Exercise: Write out the listing below in full and exactly, leaving out every picture.
((
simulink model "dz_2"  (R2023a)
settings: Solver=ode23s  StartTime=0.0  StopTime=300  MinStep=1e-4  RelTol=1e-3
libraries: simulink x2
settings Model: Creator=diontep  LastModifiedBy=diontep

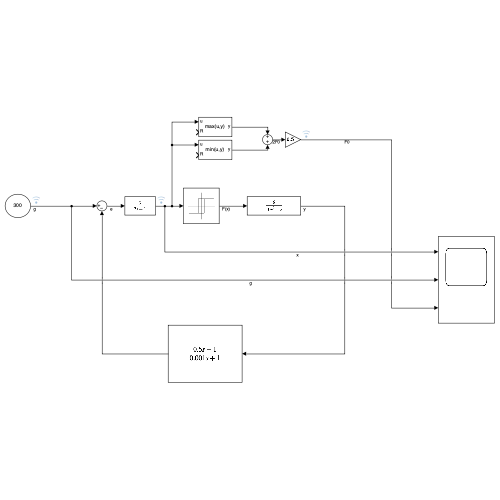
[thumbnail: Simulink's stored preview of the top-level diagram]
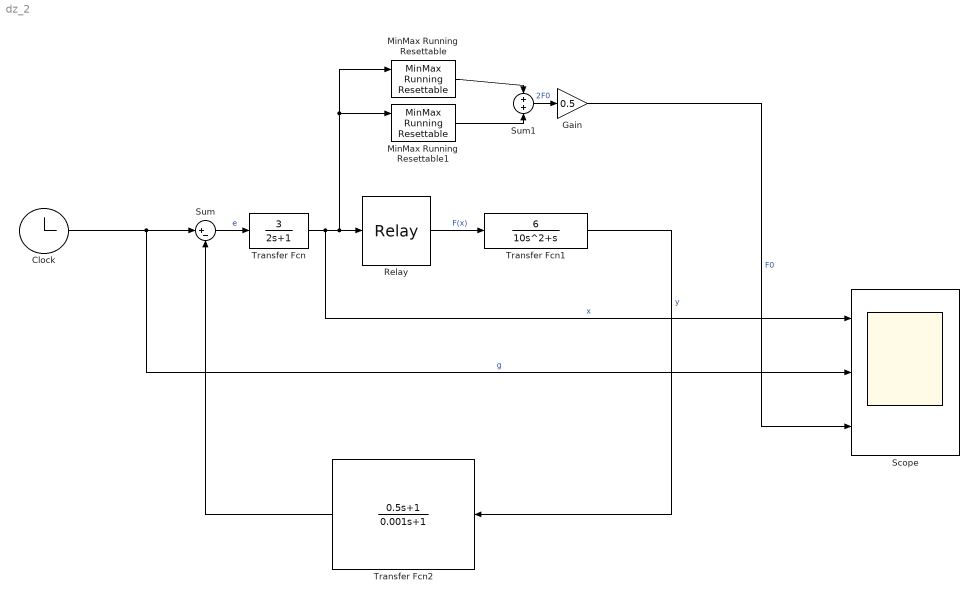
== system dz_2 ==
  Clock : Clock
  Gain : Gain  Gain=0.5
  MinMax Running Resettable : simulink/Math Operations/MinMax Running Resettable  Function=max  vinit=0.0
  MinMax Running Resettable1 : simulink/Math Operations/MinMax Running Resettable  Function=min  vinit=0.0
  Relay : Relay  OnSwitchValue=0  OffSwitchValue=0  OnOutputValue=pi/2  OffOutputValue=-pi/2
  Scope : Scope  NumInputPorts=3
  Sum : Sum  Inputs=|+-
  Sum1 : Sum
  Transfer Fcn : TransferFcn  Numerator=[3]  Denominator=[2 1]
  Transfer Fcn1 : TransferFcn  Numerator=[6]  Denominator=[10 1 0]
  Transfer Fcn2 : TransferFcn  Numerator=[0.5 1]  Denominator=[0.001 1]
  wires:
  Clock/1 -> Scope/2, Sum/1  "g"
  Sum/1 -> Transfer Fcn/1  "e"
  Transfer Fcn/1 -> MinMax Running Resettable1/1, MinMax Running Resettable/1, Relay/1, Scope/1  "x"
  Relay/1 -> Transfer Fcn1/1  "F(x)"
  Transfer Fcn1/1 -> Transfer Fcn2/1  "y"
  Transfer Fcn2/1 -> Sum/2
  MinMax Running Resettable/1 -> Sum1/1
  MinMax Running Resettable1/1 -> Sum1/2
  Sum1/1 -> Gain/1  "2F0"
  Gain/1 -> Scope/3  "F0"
))
Solution:
simulink model "dz_2"  (R2023a)
settings: Solver=ode23s  StartTime=0.0  StopTime=300  MinStep=1e-4  RelTol=1e-3
libraries: simulink x2
settings Model: Creator=diontep  LastModifiedBy=diontep

[thumbnail: Simulink's stored preview of the top-level diagram]
== system dz_2 ==
  Clock : Clock
  Gain : Gain  Gain=0.5
  MinMax Running Resettable : simulink/Math Operations/MinMax Running Resettable  Function=max  vinit=0.0
  MinMax Running Resettable1 : simulink/Math Operations/MinMax Running Resettable  Function=min  vinit=0.0
  Relay : Relay  OnSwitchValue=0  OffSwitchValue=0  OnOutputValue=pi/2  OffOutputValue=-pi/2
  Scope : Scope  NumInputPorts=3
  Sum : Sum  Inputs=|+-
  Sum1 : Sum
  Transfer Fcn : TransferFcn  Numerator=[3]  Denominator=[2 1]
  Transfer Fcn1 : TransferFcn  Numerator=[6]  Denominator=[10 1 0]
  Transfer Fcn2 : TransferFcn  Numerator=[0.5 1]  Denominator=[0.001 1]
  wires:
  Clock/1 -> Scope/2, Sum/1  "g"
  Sum/1 -> Transfer Fcn/1  "e"
  Transfer Fcn/1 -> MinMax Running Resettable1/1, MinMax Running Resettable/1, Relay/1, Scope/1  "x"
  Relay/1 -> Transfer Fcn1/1  "F(x)"
  Transfer Fcn1/1 -> Transfer Fcn2/1  "y"
  Transfer Fcn2/1 -> Sum/2
  MinMax Running Resettable/1 -> Sum1/1
  MinMax Running Resettable1/1 -> Sum1/2
  Sum1/1 -> Gain/1  "2F0"
  Gain/1 -> Scope/3  "F0"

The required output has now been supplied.